Supplied material:
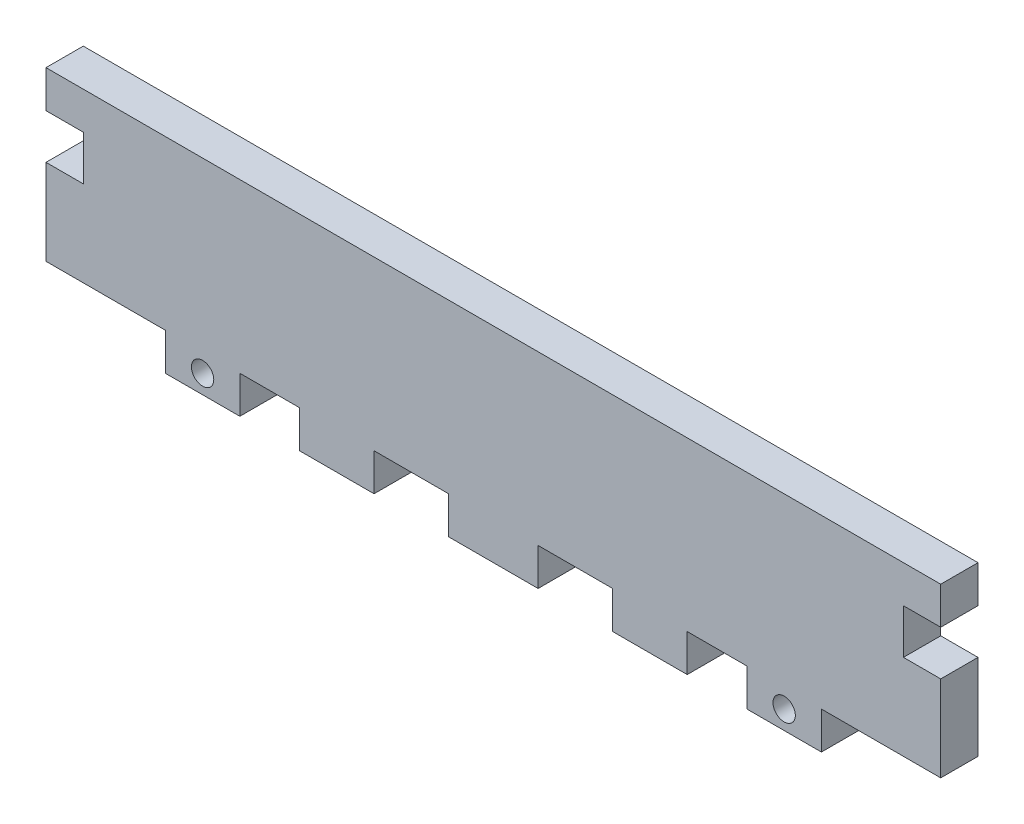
from build123d import *

# Parameters (mm, degrees)
BOSS_EXTRUDE1_DEPTH = 6.35
SKETCH2_W           = 15.24
SKETCH2_H           = 6.35
SKETCH2_W_2         = 12.7
BOSS_EXTRUDE2_DEPTH = 6.35
SKETCH3_R           = 1.905
CUT_EXTRUDE1_DEPTH  = 19.05


with BuildPart() as part:
    # Sketch1 → Boss-Extrude1 (new body)
    with BuildSketch(Plane.XY):
        Polygon((0, 28.575), (-76.2, 28.575), (-76.2, 0), (0, 0), (0, 14.605), (-6.35, 14.605), (-6.35, 22.225), (0, 22.225), align=None)
        Polygon((-76.2, 0), (-76.2, 28.575), (-152.4, 28.575), (-152.4, 22.225), (-146.05, 22.225), (-146.05, 14.605), (-152.4, 14.605), (-152.4, 0), align=None)
    extrude(amount=BOSS_EXTRUDE1_DEPTH)

    # Sketch2 → Boss-Extrude2 (add)
    with BuildSketch(Plane.XZ):
        with Locations((-76.2, 3.175)):
            Rectangle(SKETCH2_W, SKETCH2_H)
        with Locations((-125.73, 3.175)):
            Rectangle(SKETCH2_W_2, SKETCH2_H)
        with Locations((-102.87, 3.175)):
            Rectangle(SKETCH2_W_2, SKETCH2_H)
        with Locations((-26.67, 3.175)):
            Rectangle(SKETCH2_W_2, SKETCH2_H)
        with Locations((-49.53, 3.175)):
            Rectangle(SKETCH2_W_2, SKETCH2_H)
    extrude(amount=BOSS_EXTRUDE2_DEPTH)

    # Sketch3 → Cut-Extrude1 (cut)
    with BuildSketch(Plane.XY.offset(6.35)):
        with Locations((-125.73, -3.175)):
            Circle(SKETCH3_R)
        with Locations((-26.67, -3.175)):
            Circle(SKETCH3_R)
    extrude(amount=-CUT_EXTRUDE1_DEPTH, mode=Mode.SUBTRACT)


solid = part.part

Work instructions: Everything in the material must be duplicated exactly, except the pictures.

Result of this exercise:
from build123d import *

# Parameters (mm, degrees)
BOSS_EXTRUDE1_DEPTH = 6.35
SKETCH2_W           = 15.24
SKETCH2_H           = 6.35
SKETCH2_W_2         = 12.7
BOSS_EXTRUDE2_DEPTH = 6.35
SKETCH3_R           = 1.905
CUT_EXTRUDE1_DEPTH  = 19.05


with BuildPart() as part:
    # Sketch1 → Boss-Extrude1 (new body)
    with BuildSketch(Plane.XY):
        Polygon((0, 28.575), (-76.2, 28.575), (-76.2, 0), (0, 0), (0, 14.605), (-6.35, 14.605), (-6.35, 22.225), (0, 22.225), align=None)
        Polygon((-76.2, 0), (-76.2, 28.575), (-152.4, 28.575), (-152.4, 22.225), (-146.05, 22.225), (-146.05, 14.605), (-152.4, 14.605), (-152.4, 0), align=None)
    extrude(amount=BOSS_EXTRUDE1_DEPTH)

    # Sketch2 → Boss-Extrude2 (add)
    with BuildSketch(Plane.XZ):
        with Locations((-76.2, 3.175)):
            Rectangle(SKETCH2_W, SKETCH2_H)
        with Locations((-125.73, 3.175)):
            Rectangle(SKETCH2_W_2, SKETCH2_H)
        with Locations((-102.87, 3.175)):
            Rectangle(SKETCH2_W_2, SKETCH2_H)
        with Locations((-26.67, 3.175)):
            Rectangle(SKETCH2_W_2, SKETCH2_H)
        with Locations((-49.53, 3.175)):
            Rectangle(SKETCH2_W_2, SKETCH2_H)
    extrude(amount=BOSS_EXTRUDE2_DEPTH)

    # Sketch3 → Cut-Extrude1 (cut)
    with BuildSketch(Plane.XY.offset(6.35)):
        with Locations((-125.73, -3.175)):
            Circle(SKETCH3_R)
        with Locations((-26.67, -3.175)):
            Circle(SKETCH3_R)
    extrude(amount=-CUT_EXTRUDE1_DEPTH, mode=Mode.SUBTRACT)


solid = part.part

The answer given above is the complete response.